For a full review on all of the ways that explainability fails and even deceives humans, see “Stop Explaining Black Box Machine Learning Models for High Stakes Decisions and Use Interpretable Models Instead” by Dr. Cynthia Rudin.

Other Approaches

There are, of course, plenty of ways that people attack the interpretability/explainability problem. In “Understanding Black-box Predictions via Influence Functions”, the Best Paper at ICML 2017, there is a math-heavy way of identifying which samples in the training set are responsible for a prediction. Google Brain has a cool distill.pub article on “Building Blocks of Interpretability”, where they cover different ways to discover concepts which make models more interpretable to humans. Another approach is to use a topic model to cluster salient concepts together [6], though this can fall into the trap of pitting accuracy and interpretability against each other [7].

Wrapping Up

Interpretability is complicated. As Cynthia discusses in her work, there is a sizable gap between intrinsic interpretability (transparency) and explainability or post-hoc explanations. Often, there is a perceived tradeoff between accuracy and transparency, with the implication being that one cannot obtain the best performance while being perfectly interpretable. To that end, much research is currently going on around explainability, attempting to learn to rationalize decisions after they’ve been made.

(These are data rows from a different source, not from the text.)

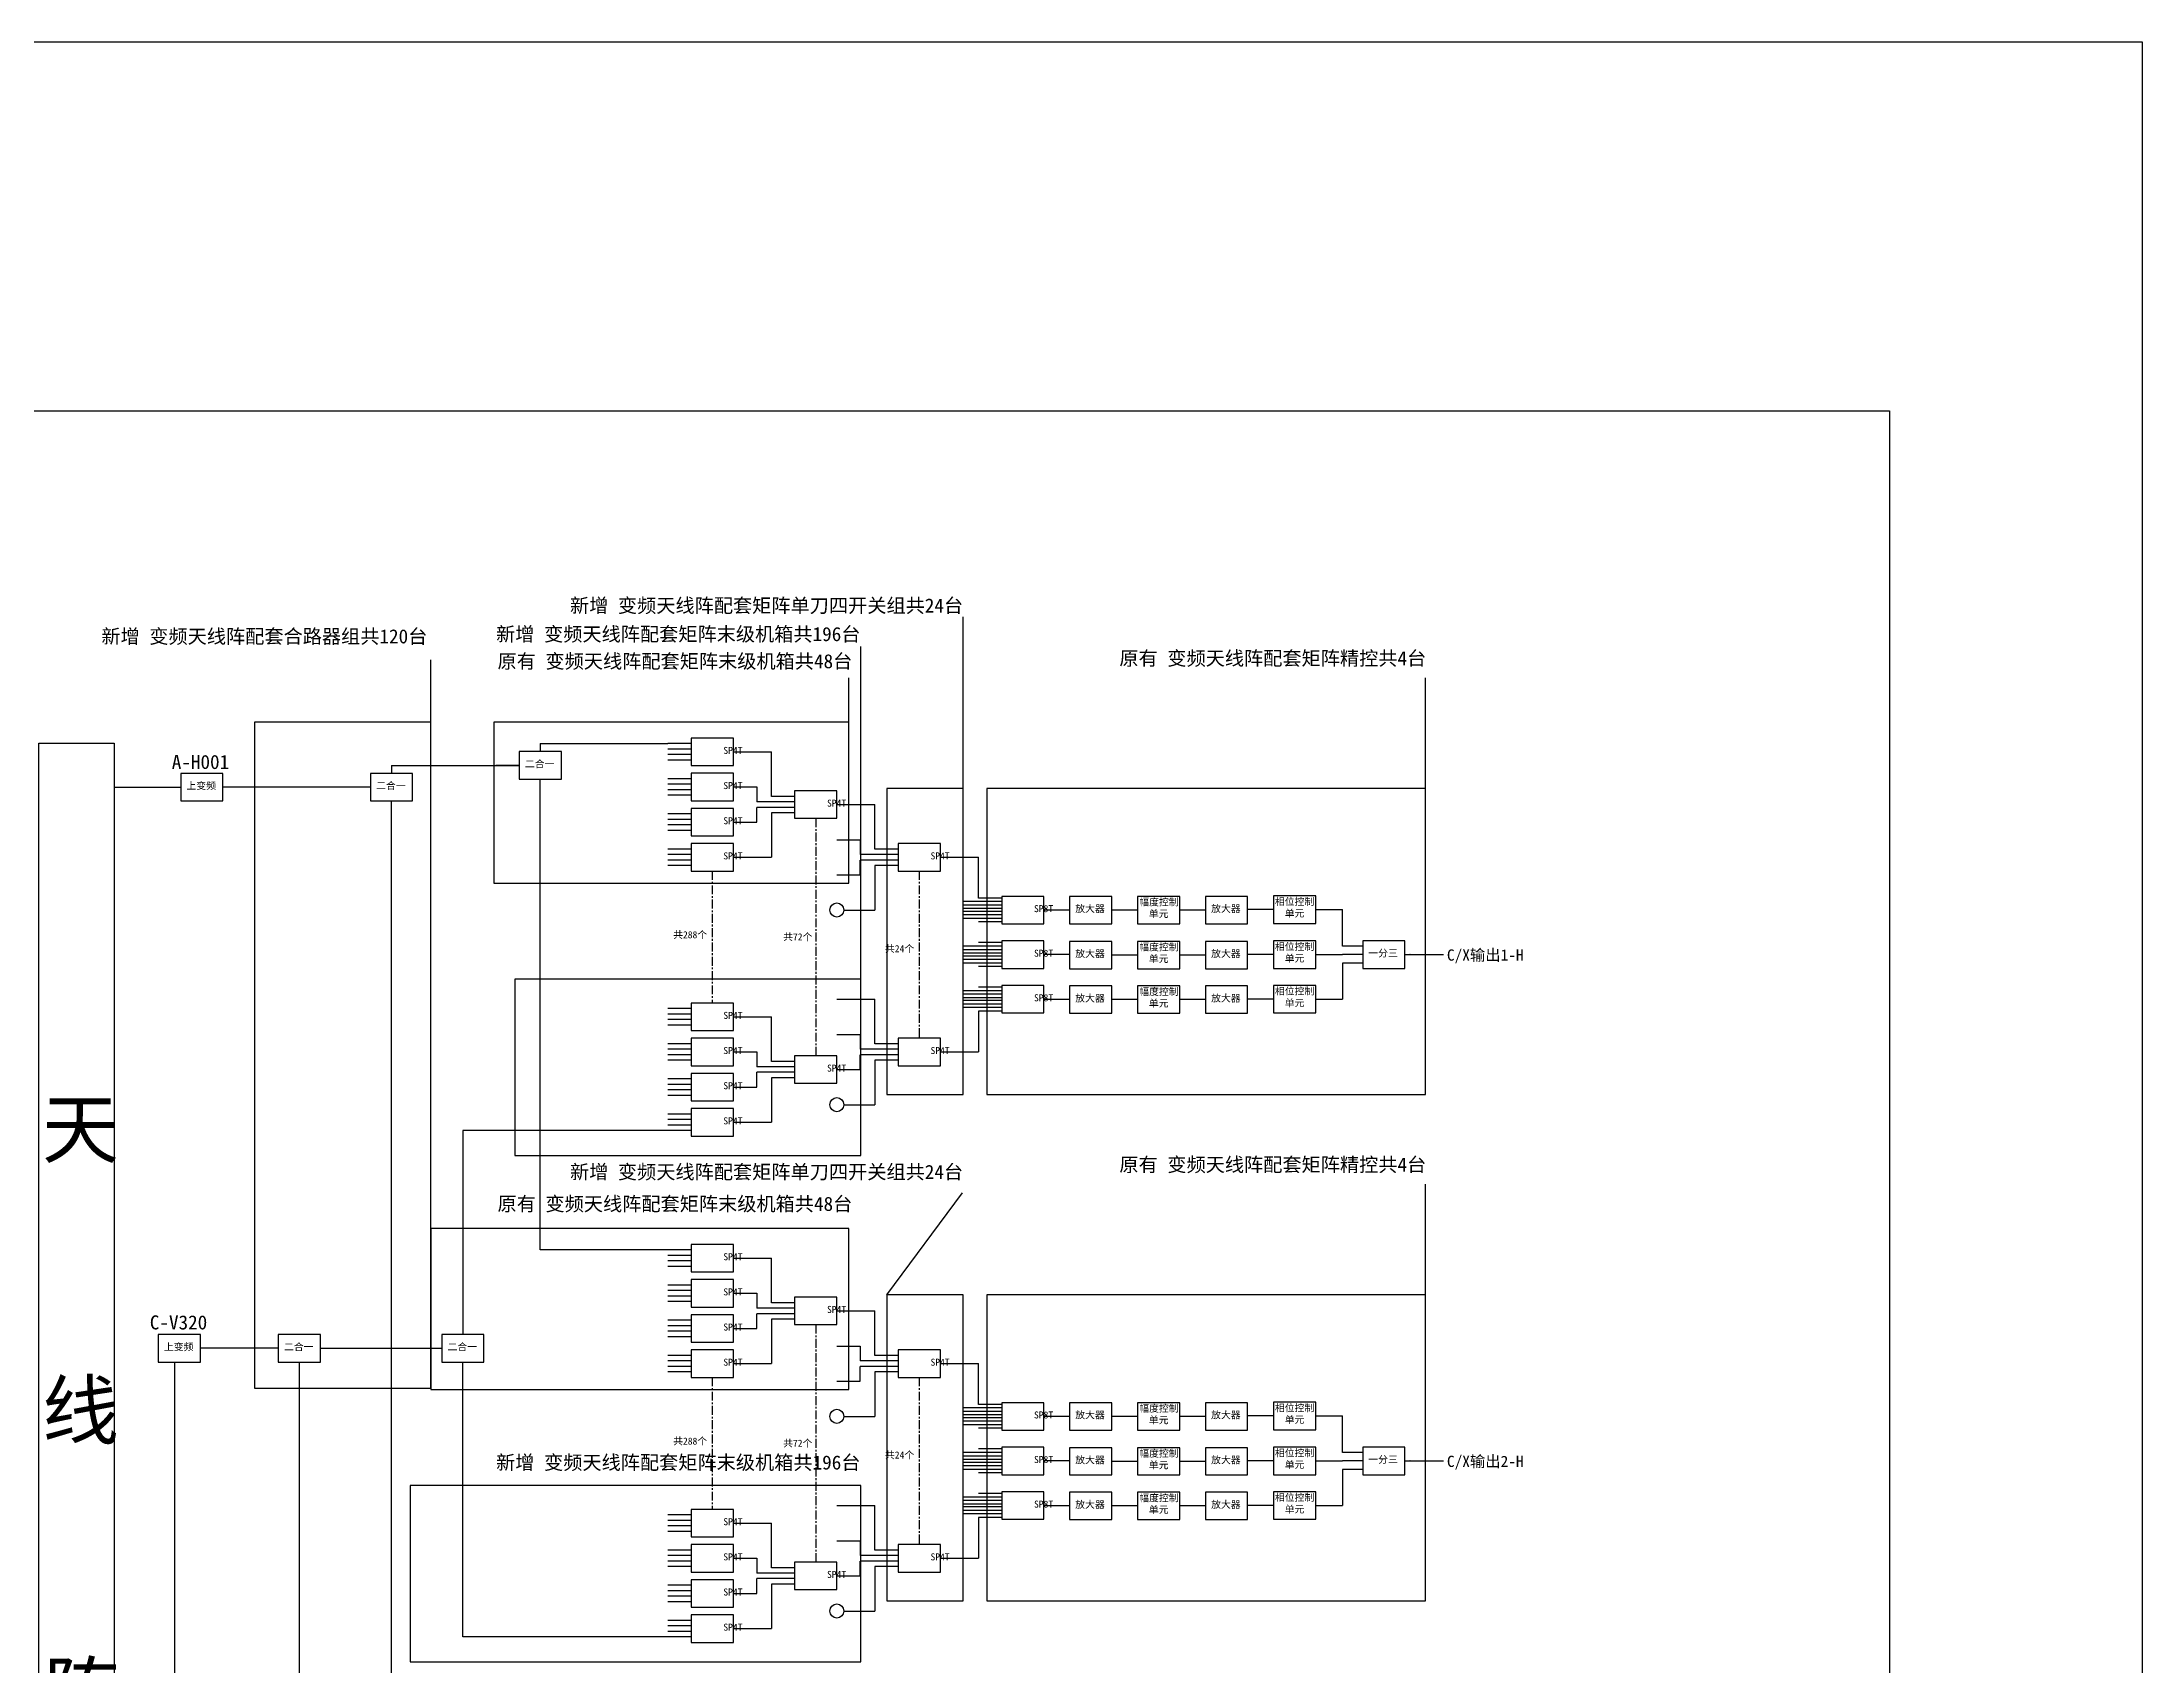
# Model space of a CAD drawing. Header units: millimetres. Extents: x 19126 to 29773, y -13344 to -11046.
# Drawn here: x 20814 to 22307, y -12201 to -11046 of the extents above; entities that cross this region are included whole.
import ezdxf
from ezdxf import colors
from ezdxf.entities.mleader import LeaderData, LeaderLine
from ezdxf.math import Vec2, Vec3

# ---------------------------------------------------------------- set-up
doc = ezdxf.new("R2010")
doc.units = ezdxf.units.MM
doc.linetypes.add('CENTER', pattern=[10.16, 6.35, -1.27, 1.27, -1.27])
for name, color, linetype in [('217-320连线', 2, 'Continuous'), ('中心线', 211, 'CENTER'), ('图层1', 7, 'Continuous'), ('尺寸线', 6, 'Continuous'), ('框线分割', 6, 'Continuous'), ('连线', 7, 'Continuous')]:
    doc.layers.add(name, color=color, linetype=linetype)
doc.styles.get("Standard").update_dxf_attribs({"font": ''})
doc.styles.get('Standard').set_extended_font_data('SimSun')

msp = doc.modelspace()

# ---------------------------------------------------------------- linework, layer by layer
for p, q in [((21062.6, -12280.7), (21062.6, -11585.9)), ((21544.8, -11663.5), (21526.5, -11663.5)), ((21593.1, -11663.5), (21574.8, -11663.5)), ((21641.4, -11663.5), (21623.1, -11663.5)), ((21689.8, -11663.2), (21671.4, -11663.2)), ((21719.8, -11663.2), (21738.8, -11663.2)), ((21593.1, -11695.5), (21574.8, -11695.5)), ((21641.4, -11695.5), (21623.1, -11695.5)), ((21689.8, -11695.2), (21671.4, -11695.2)), ((21544.8, -11727.2), (21526.5, -11727.2)), ((21593.1, -11727.2), (21574.8, -11727.2)), ((21641.4, -11727.2), (21623.1, -11727.2)), ((21689.8, -11726.9), (21671.4, -11726.9)), ((21544.8, -12023.5), (21526.5, -12023.5)), ((21593.1, -12023.5), (21574.8, -12023.5)), ((21641.4, -12023.5), (21623.1, -12023.5)), ((21689.8, -12023.2), (21671.4, -12023.2)), ((21719.8, -12023.2), (21738.8, -12023.2)), ((21593.1, -12055.5), (21574.8, -12055.5)), ((21641.4, -12055.5), (21623.1, -12055.5)), ((21689.8, -12055.2), (21671.4, -12055.2)), ((21544.8, -12087.2), (21526.5, -12087.2)), ((21593.1, -12087.2), (21574.8, -12087.2)), ((21641.4, -12087.2), (21623.1, -12087.2)), ((21689.8, -12086.9), (21671.4, -12086.9))]:
    msp.add_line(p, q)
msp.add_lwpolyline([(19125.8, -11046.3), (22307.4, -11046.3), (22307.4, -13343.5), (19125.8, -13343.5)], close=True)
at = {"color": 0}
msp.add_lwpolyline([(20811.8, -11544.9), (20865.5, -11544.9), (20865.5, -12764.5), (20811.8, -12764.5)], close=True, dxfattribs=at)
at = {"layer": '217-320连线', "color": 35}
for p, q in [((21275.7, -11820.3), (21113.4, -11820.3)), ((21113.4, -11820.3), (21113.4, -11965.4)), ((20982.1, -11975.1), (20926.7, -11975.1)), ((21012.1, -11975.1), (21098.4, -11975.1)), ((20908.4, -11984.9), (20908.4, -12692.5)), ((20997.1, -12695.1), (20997.1, -11984.9)), ((21113.4, -12180.3), (21113.4, -11984.9)), ((21259.2, -12180.3), (21113.4, -12180.3))]:
    msp.add_line(p, q, dxfattribs=at)
at = {"layer": '217-320连线', "color": 1}
msp.add_lwpolyline([(19514.1, -11308.6), (22127.8, -11308.6), (22127.8, -13156.6), (19514.1, -13156.6)], close=True, dxfattribs=at)
at = {"layer": '中心线'}
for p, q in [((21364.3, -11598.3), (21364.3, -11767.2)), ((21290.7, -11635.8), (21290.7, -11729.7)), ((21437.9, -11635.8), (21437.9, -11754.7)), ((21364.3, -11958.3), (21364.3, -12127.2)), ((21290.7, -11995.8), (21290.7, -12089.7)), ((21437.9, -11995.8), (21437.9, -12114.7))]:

While transparent models may be harder to create while preserving some high degree of accuracy, it seems very reasonable to expect researchers to work on methods which encourage both interpretability and accuracy, attempting to maximize both simultaneously, though these may be very difficult to discover. Many guidelines or processes in the real-world are constructed as perfectly interpretable and transparent flowcharts, offering clear pictures about how a process works while still enforcing some optimal set of behaviors [9]. Even so, many challenges remain before we have a set of interpretable models performing well out in the real world.

References

[1] Lipton, Zachary C. "The mythos of model interpretability." arXiv preprint arXiv:1606.03490 (2016).
[2] Vashishth, Shikhar, et al. "Attention interpretability across nlp tasks." arXiv preprint arXiv:1909.11218 (2019).
[3] Kindermans, Pieter-Jan, et al. "The (un) reliability of saliency methods." Explainable AI: Interpreting, Explaining and Visualizing Deep Learning. Springer, Cham, 2019. 267-280.
[4] Wiegreffe, Sarah, and Yuval Pinter. "Attention is not not Explanation." arXiv preprint arXiv:1908.04626 (2019).
[5] Rudin, Cynthia. "Stop explaining black box machine learning models for high stakes decisions and use interpretable models instead." Nature Machine Intelligence 1.5 (2019): 206-215.
[6] Doshi-Velez, Finale, Byron C. Wallace, and Ryan Adams. "Graph-sparse LDA: a topic model with structured sparsity." Twenty-Ninth AAAI Conference on Artificial Intelligence. 2015.
[7] Chang, Jonathan, et al. "Reading tea leaves: How humans interpret topic models." Advances in neural information processing systems. 2009.
[8] Olah, Chris, et al. "The building blocks of interpretability." Distill 3.3 (2018): e10.
[9] Gawande, Atul. Checklist manifesto, the (HB). Penguin Books India, 2010.